:: YOUR GOAL ::
The records are to be repeated exactly, and any images in them are to be dropped.

○ ○ ○ ○ ○ ○ ○

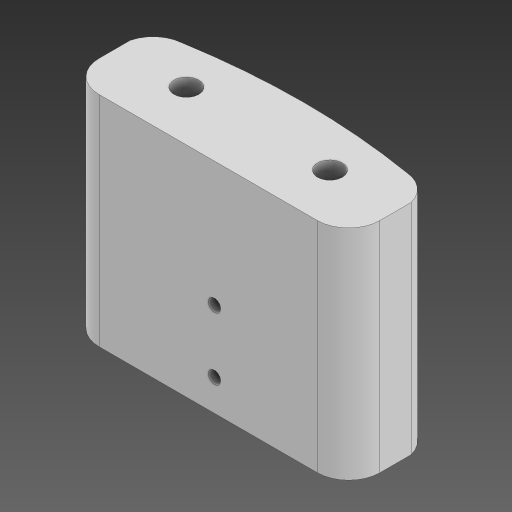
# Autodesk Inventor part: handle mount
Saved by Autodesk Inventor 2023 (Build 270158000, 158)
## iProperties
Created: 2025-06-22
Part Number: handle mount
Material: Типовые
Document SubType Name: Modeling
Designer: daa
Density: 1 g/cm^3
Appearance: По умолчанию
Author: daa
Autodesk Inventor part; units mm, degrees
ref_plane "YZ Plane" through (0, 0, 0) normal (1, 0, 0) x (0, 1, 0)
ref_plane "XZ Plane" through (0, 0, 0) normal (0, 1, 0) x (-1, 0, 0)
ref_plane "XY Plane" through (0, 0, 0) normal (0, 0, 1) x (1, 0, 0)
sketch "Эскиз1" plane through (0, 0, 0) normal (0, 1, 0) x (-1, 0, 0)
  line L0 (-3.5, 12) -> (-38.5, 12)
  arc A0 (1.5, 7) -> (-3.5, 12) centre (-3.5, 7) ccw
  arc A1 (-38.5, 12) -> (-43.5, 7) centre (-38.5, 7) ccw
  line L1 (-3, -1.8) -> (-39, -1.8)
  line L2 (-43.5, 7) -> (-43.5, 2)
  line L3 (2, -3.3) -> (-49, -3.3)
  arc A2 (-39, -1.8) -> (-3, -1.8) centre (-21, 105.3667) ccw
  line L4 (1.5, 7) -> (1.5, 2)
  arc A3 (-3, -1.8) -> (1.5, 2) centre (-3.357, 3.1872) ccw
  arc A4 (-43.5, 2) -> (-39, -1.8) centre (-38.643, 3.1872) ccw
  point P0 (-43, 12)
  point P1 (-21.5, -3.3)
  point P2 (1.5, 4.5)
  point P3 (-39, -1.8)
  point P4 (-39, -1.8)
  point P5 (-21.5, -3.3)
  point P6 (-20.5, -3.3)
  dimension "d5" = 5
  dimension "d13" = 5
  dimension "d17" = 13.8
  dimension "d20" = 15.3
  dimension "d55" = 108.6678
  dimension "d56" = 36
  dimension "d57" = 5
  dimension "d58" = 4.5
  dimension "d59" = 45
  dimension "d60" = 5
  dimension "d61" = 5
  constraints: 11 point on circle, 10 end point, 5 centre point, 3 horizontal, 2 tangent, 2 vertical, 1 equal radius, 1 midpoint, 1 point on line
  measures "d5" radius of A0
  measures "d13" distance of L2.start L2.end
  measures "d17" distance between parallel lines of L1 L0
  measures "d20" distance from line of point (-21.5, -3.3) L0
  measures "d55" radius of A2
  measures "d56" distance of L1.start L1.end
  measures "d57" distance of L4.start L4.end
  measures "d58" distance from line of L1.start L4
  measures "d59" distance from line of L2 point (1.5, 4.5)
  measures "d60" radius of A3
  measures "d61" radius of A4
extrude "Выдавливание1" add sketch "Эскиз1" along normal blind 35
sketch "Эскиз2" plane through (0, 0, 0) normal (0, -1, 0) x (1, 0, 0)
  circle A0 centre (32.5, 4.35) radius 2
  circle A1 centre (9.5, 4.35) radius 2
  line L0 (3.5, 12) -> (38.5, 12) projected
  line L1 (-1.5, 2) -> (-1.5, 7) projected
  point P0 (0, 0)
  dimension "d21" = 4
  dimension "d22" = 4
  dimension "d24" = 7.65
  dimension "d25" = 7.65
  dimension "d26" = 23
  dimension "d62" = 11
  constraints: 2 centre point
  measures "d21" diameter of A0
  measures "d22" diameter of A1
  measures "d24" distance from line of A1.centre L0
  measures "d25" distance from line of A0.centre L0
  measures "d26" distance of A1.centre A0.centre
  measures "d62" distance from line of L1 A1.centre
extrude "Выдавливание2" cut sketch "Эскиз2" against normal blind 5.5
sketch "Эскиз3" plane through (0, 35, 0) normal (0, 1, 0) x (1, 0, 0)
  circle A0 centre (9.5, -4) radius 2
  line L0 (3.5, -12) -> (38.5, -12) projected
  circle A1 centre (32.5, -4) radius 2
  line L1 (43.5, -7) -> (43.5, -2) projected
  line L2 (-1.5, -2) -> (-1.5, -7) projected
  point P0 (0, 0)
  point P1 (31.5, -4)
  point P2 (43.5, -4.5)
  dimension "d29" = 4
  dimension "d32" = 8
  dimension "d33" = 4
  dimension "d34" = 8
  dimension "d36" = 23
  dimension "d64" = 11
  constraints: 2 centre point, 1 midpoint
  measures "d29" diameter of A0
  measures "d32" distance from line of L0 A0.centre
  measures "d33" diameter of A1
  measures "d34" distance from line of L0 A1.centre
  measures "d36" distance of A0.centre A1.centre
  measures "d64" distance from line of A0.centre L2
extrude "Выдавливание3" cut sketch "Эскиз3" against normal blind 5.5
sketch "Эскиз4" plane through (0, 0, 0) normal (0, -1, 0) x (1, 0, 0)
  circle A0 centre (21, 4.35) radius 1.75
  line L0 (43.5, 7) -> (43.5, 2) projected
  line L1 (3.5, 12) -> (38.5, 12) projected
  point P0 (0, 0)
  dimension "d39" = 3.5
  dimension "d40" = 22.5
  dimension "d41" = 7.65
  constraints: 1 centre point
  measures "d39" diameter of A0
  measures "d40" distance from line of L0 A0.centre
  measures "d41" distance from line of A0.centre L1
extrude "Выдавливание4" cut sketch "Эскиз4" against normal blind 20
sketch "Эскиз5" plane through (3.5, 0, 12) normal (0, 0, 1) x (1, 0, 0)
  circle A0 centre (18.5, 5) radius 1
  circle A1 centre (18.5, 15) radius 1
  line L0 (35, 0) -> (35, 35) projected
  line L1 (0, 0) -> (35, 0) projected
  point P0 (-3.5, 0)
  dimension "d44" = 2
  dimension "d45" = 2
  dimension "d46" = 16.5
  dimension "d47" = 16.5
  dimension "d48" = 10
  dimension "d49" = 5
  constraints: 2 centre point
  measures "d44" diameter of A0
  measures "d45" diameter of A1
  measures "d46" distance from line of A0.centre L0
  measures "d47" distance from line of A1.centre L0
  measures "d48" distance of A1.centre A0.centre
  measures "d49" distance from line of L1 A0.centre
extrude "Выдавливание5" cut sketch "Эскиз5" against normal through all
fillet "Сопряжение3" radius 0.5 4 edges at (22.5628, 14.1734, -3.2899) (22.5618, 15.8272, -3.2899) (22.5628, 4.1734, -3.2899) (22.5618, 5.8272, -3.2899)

○ ○ ○ ○ ○ ○ ○

:: OUTPUT OF THE TASK ::
# Autodesk Inventor part: handle mount
Saved by Autodesk Inventor 2023 (Build 270158000, 158)
## iProperties
Created: 2025-06-22
Part Number: handle mount
Material: Типовые
Document SubType Name: Modeling
Designer: daa
Density: 1 g/cm^3
Appearance: По умолчанию
Author: daa
Autodesk Inventor part; units mm, degrees
ref_plane "YZ Plane" through (0, 0, 0) normal (1, 0, 0) x (0, 1, 0)
ref_plane "XZ Plane" through (0, 0, 0) normal (0, 1, 0) x (-1, 0, 0)
ref_plane "XY Plane" through (0, 0, 0) normal (0, 0, 1) x (1, 0, 0)
sketch "Эскиз1" plane through (0, 0, 0) normal (0, 1, 0) x (-1, 0, 0)
  line L0 (-3.5, 12) -> (-38.5, 12)
  arc A0 (1.5, 7) -> (-3.5, 12) centre (-3.5, 7) ccw
  arc A1 (-38.5, 12) -> (-43.5, 7) centre (-38.5, 7) ccw
  line L1 (-3, -1.8) -> (-39, -1.8)
  line L2 (-43.5, 7) -> (-43.5, 2)
  line L3 (2, -3.3) -> (-49, -3.3)
  arc A2 (-39, -1.8) -> (-3, -1.8) centre (-21, 105.3667) ccw
  line L4 (1.5, 7) -> (1.5, 2)
  arc A3 (-3, -1.8) -> (1.5, 2) centre (-3.357, 3.1872) ccw
  arc A4 (-43.5, 2) -> (-39, -1.8) centre (-38.643, 3.1872) ccw
  point P0 (-43, 12)
  point P1 (-21.5, -3.3)
  point P2 (1.5, 4.5)
  point P3 (-39, -1.8)
  point P4 (-39, -1.8)
  point P5 (-21.5, -3.3)
  point P6 (-20.5, -3.3)
  dimension "d5" = 5
  dimension "d13" = 5
  dimension "d17" = 13.8
  dimension "d20" = 15.3
  dimension "d55" = 108.6678
  dimension "d56" = 36
  dimension "d57" = 5
  dimension "d58" = 4.5
  dimension "d59" = 45
  dimension "d60" = 5
  dimension "d61" = 5
  constraints: 11 point on circle, 10 end point, 5 centre point, 3 horizontal, 2 tangent, 2 vertical, 1 equal radius, 1 midpoint, 1 point on line
  measures "d5" radius of A0
  measures "d13" distance of L2.start L2.end
  measures "d17" distance between parallel lines of L1 L0
  measures "d20" distance from line of point (-21.5, -3.3) L0
  measures "d55" radius of A2
  measures "d56" distance of L1.start L1.end
  measures "d57" distance of L4.start L4.end
  measures "d58" distance from line of L1.start L4
  measures "d59" distance from line of L2 point (1.5, 4.5)
  measures "d60" radius of A3
  measures "d61" radius of A4
extrude "Выдавливание1" add sketch "Эскиз1" along normal blind 35
sketch "Эскиз2" plane through (0, 0, 0) normal (0, -1, 0) x (1, 0, 0)
  circle A0 centre (32.5, 4.35) radius 2
  circle A1 centre (9.5, 4.35) radius 2
  line L0 (3.5, 12) -> (38.5, 12) projected
  line L1 (-1.5, 2) -> (-1.5, 7) projected
  point P0 (0, 0)
  dimension "d21" = 4
  dimension "d22" = 4
  dimension "d24" = 7.65
  dimension "d25" = 7.65
  dimension "d26" = 23
  dimension "d62" = 11
  constraints: 2 centre point
  measures "d21" diameter of A0
  measures "d22" diameter of A1
  measures "d24" distance from line of A1.centre L0
  measures "d25" distance from line of A0.centre L0
  measures "d26" distance of A1.centre A0.centre
  measures "d62" distance from line of L1 A1.centre
extrude "Выдавливание2" cut sketch "Эскиз2" against normal blind 5.5
sketch "Эскиз3" plane through (0, 35, 0) normal (0, 1, 0) x (1, 0, 0)
  circle A0 centre (9.5, -4) radius 2
  line L0 (3.5, -12) -> (38.5, -12) projected
  circle A1 centre (32.5, -4) radius 2
  line L1 (43.5, -7) -> (43.5, -2) projected
  line L2 (-1.5, -2) -> (-1.5, -7) projected
  point P0 (0, 0)
  point P1 (31.5, -4)
  point P2 (43.5, -4.5)
  dimension "d29" = 4
  dimension "d32" = 8
  dimension "d33" = 4
  dimension "d34" = 8
  dimension "d36" = 23
  dimension "d64" = 11
  constraints: 2 centre point, 1 midpoint
  measures "d29" diameter of A0
  measures "d32" distance from line of L0 A0.centre
  measures "d33" diameter of A1
  measures "d34" distance from line of L0 A1.centre
  measures "d36" distance of A0.centre A1.centre
  measures "d64" distance from line of A0.centre L2
extrude "Выдавливание3" cut sketch "Эскиз3" against normal blind 5.5
sketch "Эскиз4" plane through (0, 0, 0) normal (0, -1, 0) x (1, 0, 0)
  circle A0 centre (21, 4.35) radius 1.75
  line L0 (43.5, 7) -> (43.5, 2) projected
  line L1 (3.5, 12) -> (38.5, 12) projected
  point P0 (0, 0)
  dimension "d39" = 3.5
  dimension "d40" = 22.5
  dimension "d41" = 7.65
  constraints: 1 centre point
  measures "d39" diameter of A0
  measures "d40" distance from line of L0 A0.centre
  measures "d41" distance from line of A0.centre L1
extrude "Выдавливание4" cut sketch "Эскиз4" against normal blind 20
sketch "Эскиз5" plane through (3.5, 0, 12) normal (0, 0, 1) x (1, 0, 0)
  circle A0 centre (18.5, 5) radius 1
  circle A1 centre (18.5, 15) radius 1
  line L0 (35, 0) -> (35, 35) projected
  line L1 (0, 0) -> (35, 0) projected
  point P0 (-3.5, 0)
  dimension "d44" = 2
  dimension "d45" = 2
  dimension "d46" = 16.5
  dimension "d47" = 16.5
  dimension "d48" = 10
  dimension "d49" = 5
  constraints: 2 centre point
  measures "d44" diameter of A0
  measures "d45" diameter of A1
  measures "d46" distance from line of A0.centre L0
  measures "d47" distance from line of A1.centre L0
  measures "d48" distance of A1.centre A0.centre
  measures "d49" distance from line of L1 A0.centre
extrude "Выдавливание5" cut sketch "Эскиз5" against normal through all
fillet "Сопряжение3" radius 0.5 4 edges at (22.5628, 14.1734, -3.2899) (22.5618, 15.8272, -3.2899) (22.5628, 4.1734, -3.2899) (22.5618, 5.8272, -3.2899)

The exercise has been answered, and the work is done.